LISTED RECORDS Start Marker

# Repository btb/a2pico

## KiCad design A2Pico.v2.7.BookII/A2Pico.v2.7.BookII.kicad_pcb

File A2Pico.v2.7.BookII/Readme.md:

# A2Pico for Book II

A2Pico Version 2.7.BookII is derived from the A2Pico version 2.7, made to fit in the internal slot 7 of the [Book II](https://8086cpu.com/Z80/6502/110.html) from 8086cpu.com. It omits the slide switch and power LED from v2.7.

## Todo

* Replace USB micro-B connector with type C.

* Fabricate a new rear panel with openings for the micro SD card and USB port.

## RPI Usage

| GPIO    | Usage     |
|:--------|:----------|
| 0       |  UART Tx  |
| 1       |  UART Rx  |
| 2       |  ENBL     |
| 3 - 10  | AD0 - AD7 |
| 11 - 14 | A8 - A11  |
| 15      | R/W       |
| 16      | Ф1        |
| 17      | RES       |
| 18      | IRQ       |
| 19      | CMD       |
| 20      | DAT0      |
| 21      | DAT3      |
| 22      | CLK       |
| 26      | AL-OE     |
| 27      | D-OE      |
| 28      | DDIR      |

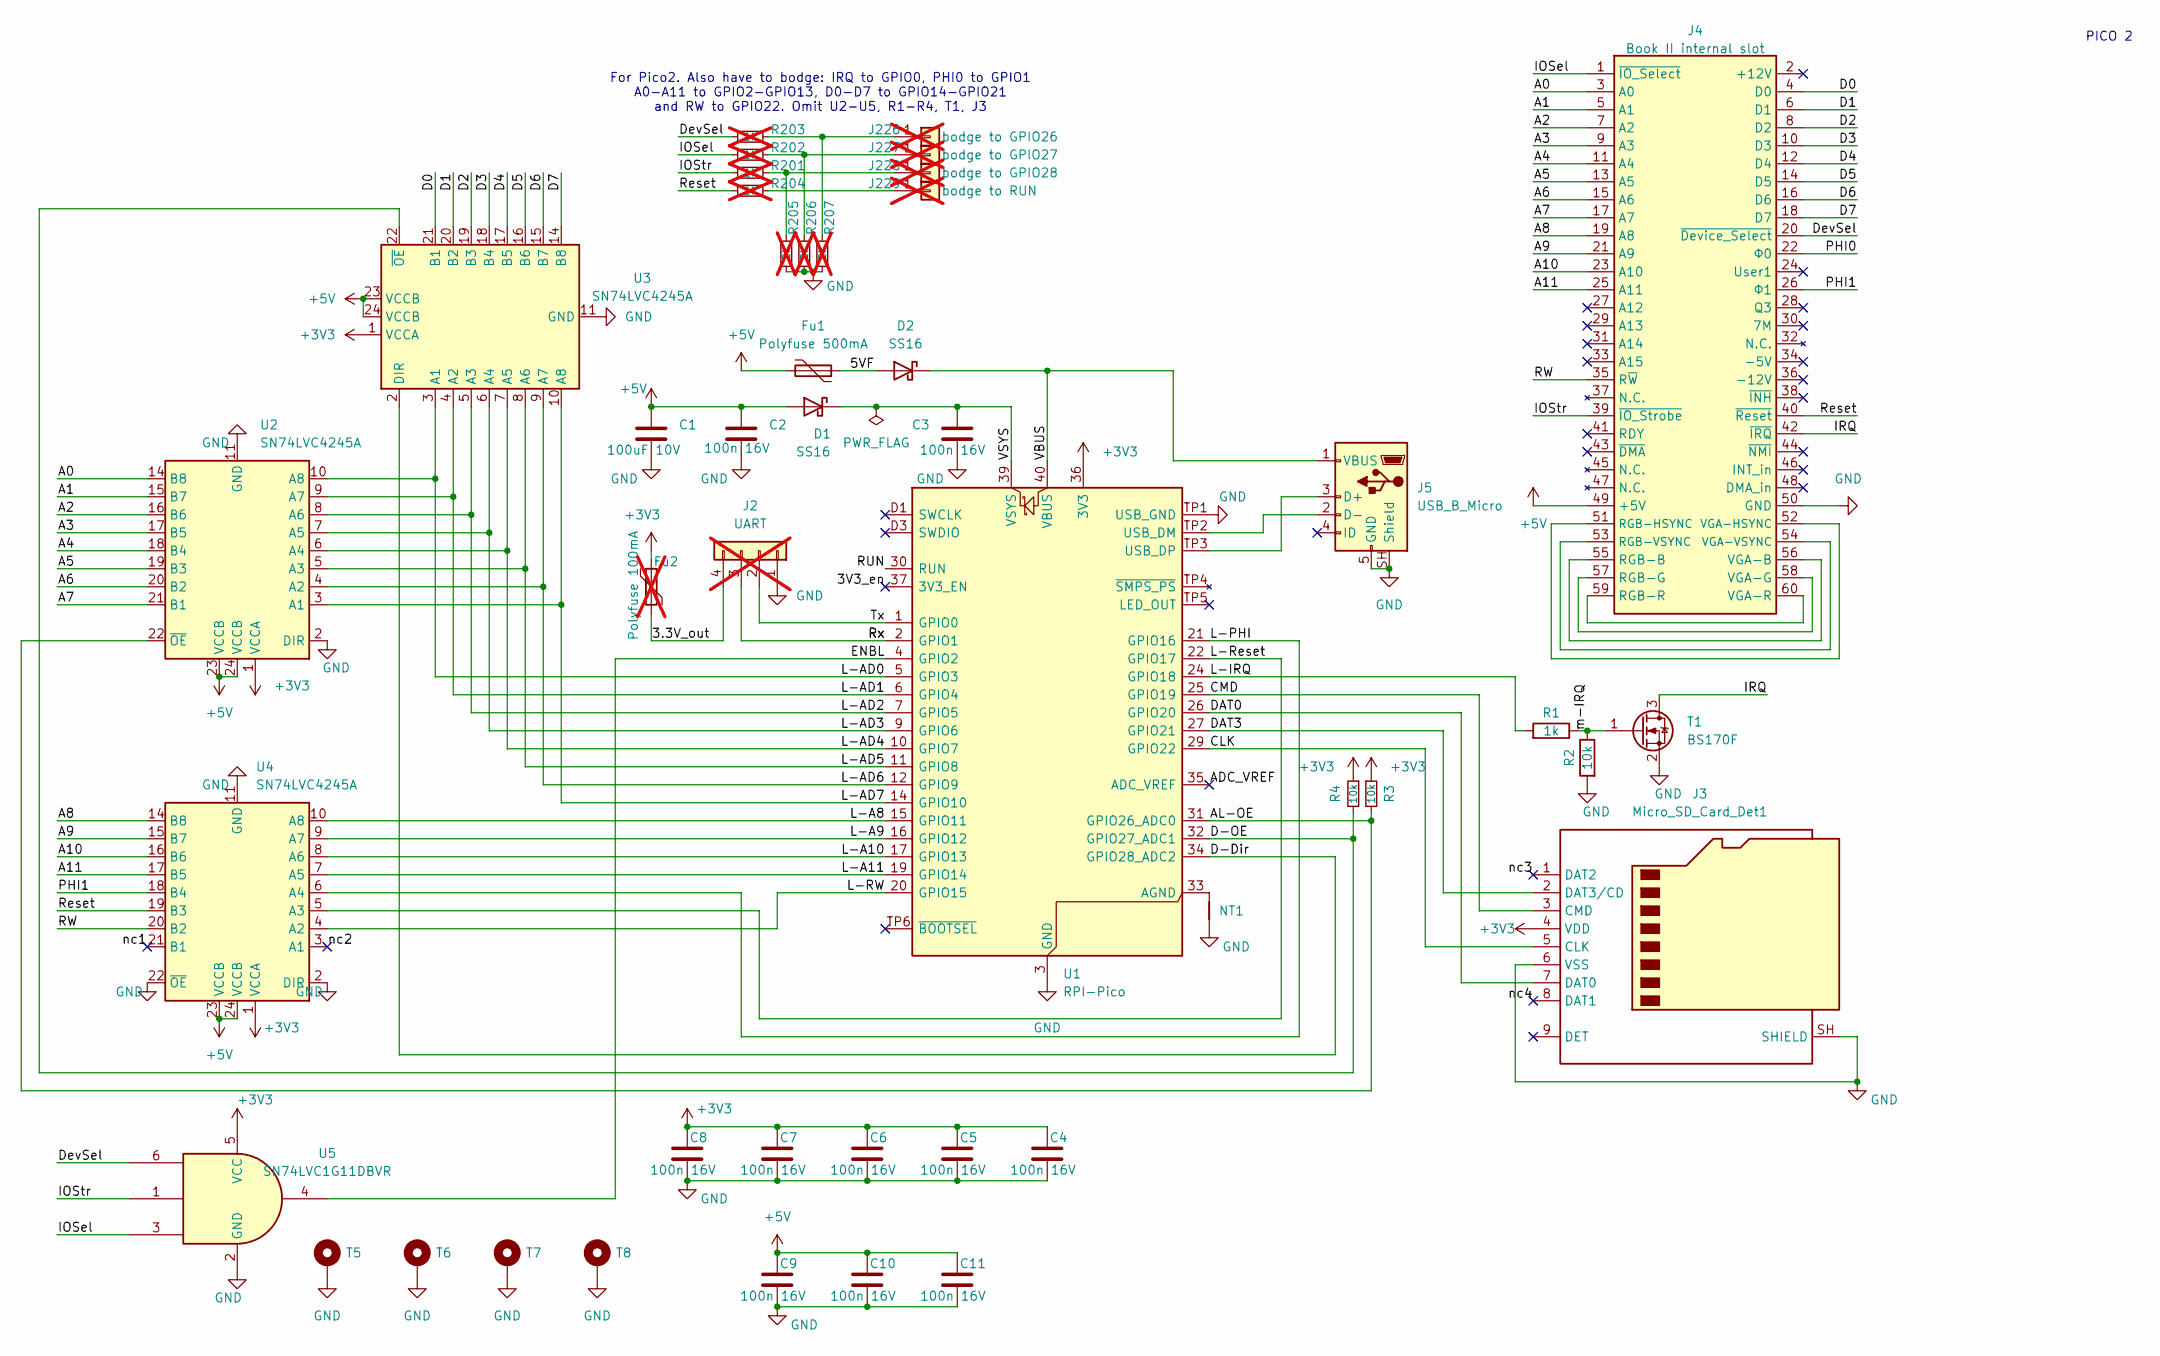
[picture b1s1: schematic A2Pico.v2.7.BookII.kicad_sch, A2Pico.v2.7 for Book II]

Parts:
C1: 100uF 10V; C_1206_3216Metric_Pad1.33x1.80mm_HandSolder; JLCPCB Part # C15008
C2, C3, C4, C5, C6, C7, C8, C9, C10, C11: 100n 16V; C_0603_1608Metric_Pad1.08x0.95mm_HandSolder; JLCPCB Part # C14663
D1, D2: SS16; D_SMA_Handsoldering; JLCPCB Part # C2480
Fu1: Polyfuse 500mA; Fuse_0805_2012Metric_Pad1.15x1.40mm_HandSolder; JLCPCB Part # C269102
Fu2: Polyfuse 100mA; Fuse_0805_2012Metric_Pad1.15x1.40mm_HandSolder; JLCPCB Part # C269101; not fitted
J2: UART; PinHeader_1x04_P2.54mm_Horizontal; not fitted
J3: Micro_SD_Card_Det1; MicroSD_CUI_MSD-4-A; JLCPCB Part # C52750848
J4: Book II internal slot; PinSocket_2x30_P2.54mm_Vertical
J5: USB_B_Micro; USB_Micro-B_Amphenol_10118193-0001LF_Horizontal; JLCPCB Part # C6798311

LISTED RECORDS End Marker

PROBLEM REQUIREMENTS:
Leave the pictures out and output the rest of the listing exactly.

SOLUTION FOR THIS EXERCISE:
# Repository btb/a2pico

## KiCad design A2Pico.v2.7.BookII/A2Pico.v2.7.BookII.kicad_pcb

File A2Pico.v2.7.BookII/Readme.md:

# A2Pico for Book II

A2Pico Version 2.7.BookII is derived from the A2Pico version 2.7, made to fit in the internal slot 7 of the [Book II](https://8086cpu.com/Z80/6502/110.html) from 8086cpu.com. It omits the slide switch and power LED from v2.7.

## Todo

* Replace USB micro-B connector with type C.

* Fabricate a new rear panel with openings for the micro SD card and USB port.

## RPI Usage

| GPIO    | Usage     |
|:--------|:----------|
| 0       |  UART Tx  |
| 1       |  UART Rx  |
| 2       |  ENBL     |
| 3 - 10  | AD0 - AD7 |
| 11 - 14 | A8 - A11  |
| 15      | R/W       |
| 16      | Ф1        |
| 17      | RES       |
| 18      | IRQ       |
| 19      | CMD       |
| 20      | DAT0      |
| 21      | DAT3      |
| 22      | CLK       |
| 26      | AL-OE     |
| 27      | D-OE      |
| 28      | DDIR      |

[picture b1s1: schematic A2Pico.v2.7.BookII.kicad_sch, A2Pico.v2.7 for Book II]

Parts:
C1: 100uF 10V; C_1206_3216Metric_Pad1.33x1.80mm_HandSolder; JLCPCB Part # C15008
C2, C3, C4, C5, C6, C7, C8, C9, C10, C11: 100n 16V; C_0603_1608Metric_Pad1.08x0.95mm_HandSolder; JLCPCB Part # C14663
D1, D2: SS16; D_SMA_Handsoldering; JLCPCB Part # C2480
Fu1: Polyfuse 500mA; Fuse_0805_2012Metric_Pad1.15x1.40mm_HandSolder; JLCPCB Part # C269102
Fu2: Polyfuse 100mA; Fuse_0805_2012Metric_Pad1.15x1.40mm_HandSolder; JLCPCB Part # C269101; not fitted
J2: UART; PinHeader_1x04_P2.54mm_Horizontal; not fitted
J3: Micro_SD_Card_Det1; MicroSD_CUI_MSD-4-A; JLCPCB Part # C52750848
J4: Book II internal slot; PinSocket_2x30_P2.54mm_Vertical
J5: USB_B_Micro; USB_Micro-B_Amphenol_10118193-0001LF_Horizontal; JLCPCB Part # C6798311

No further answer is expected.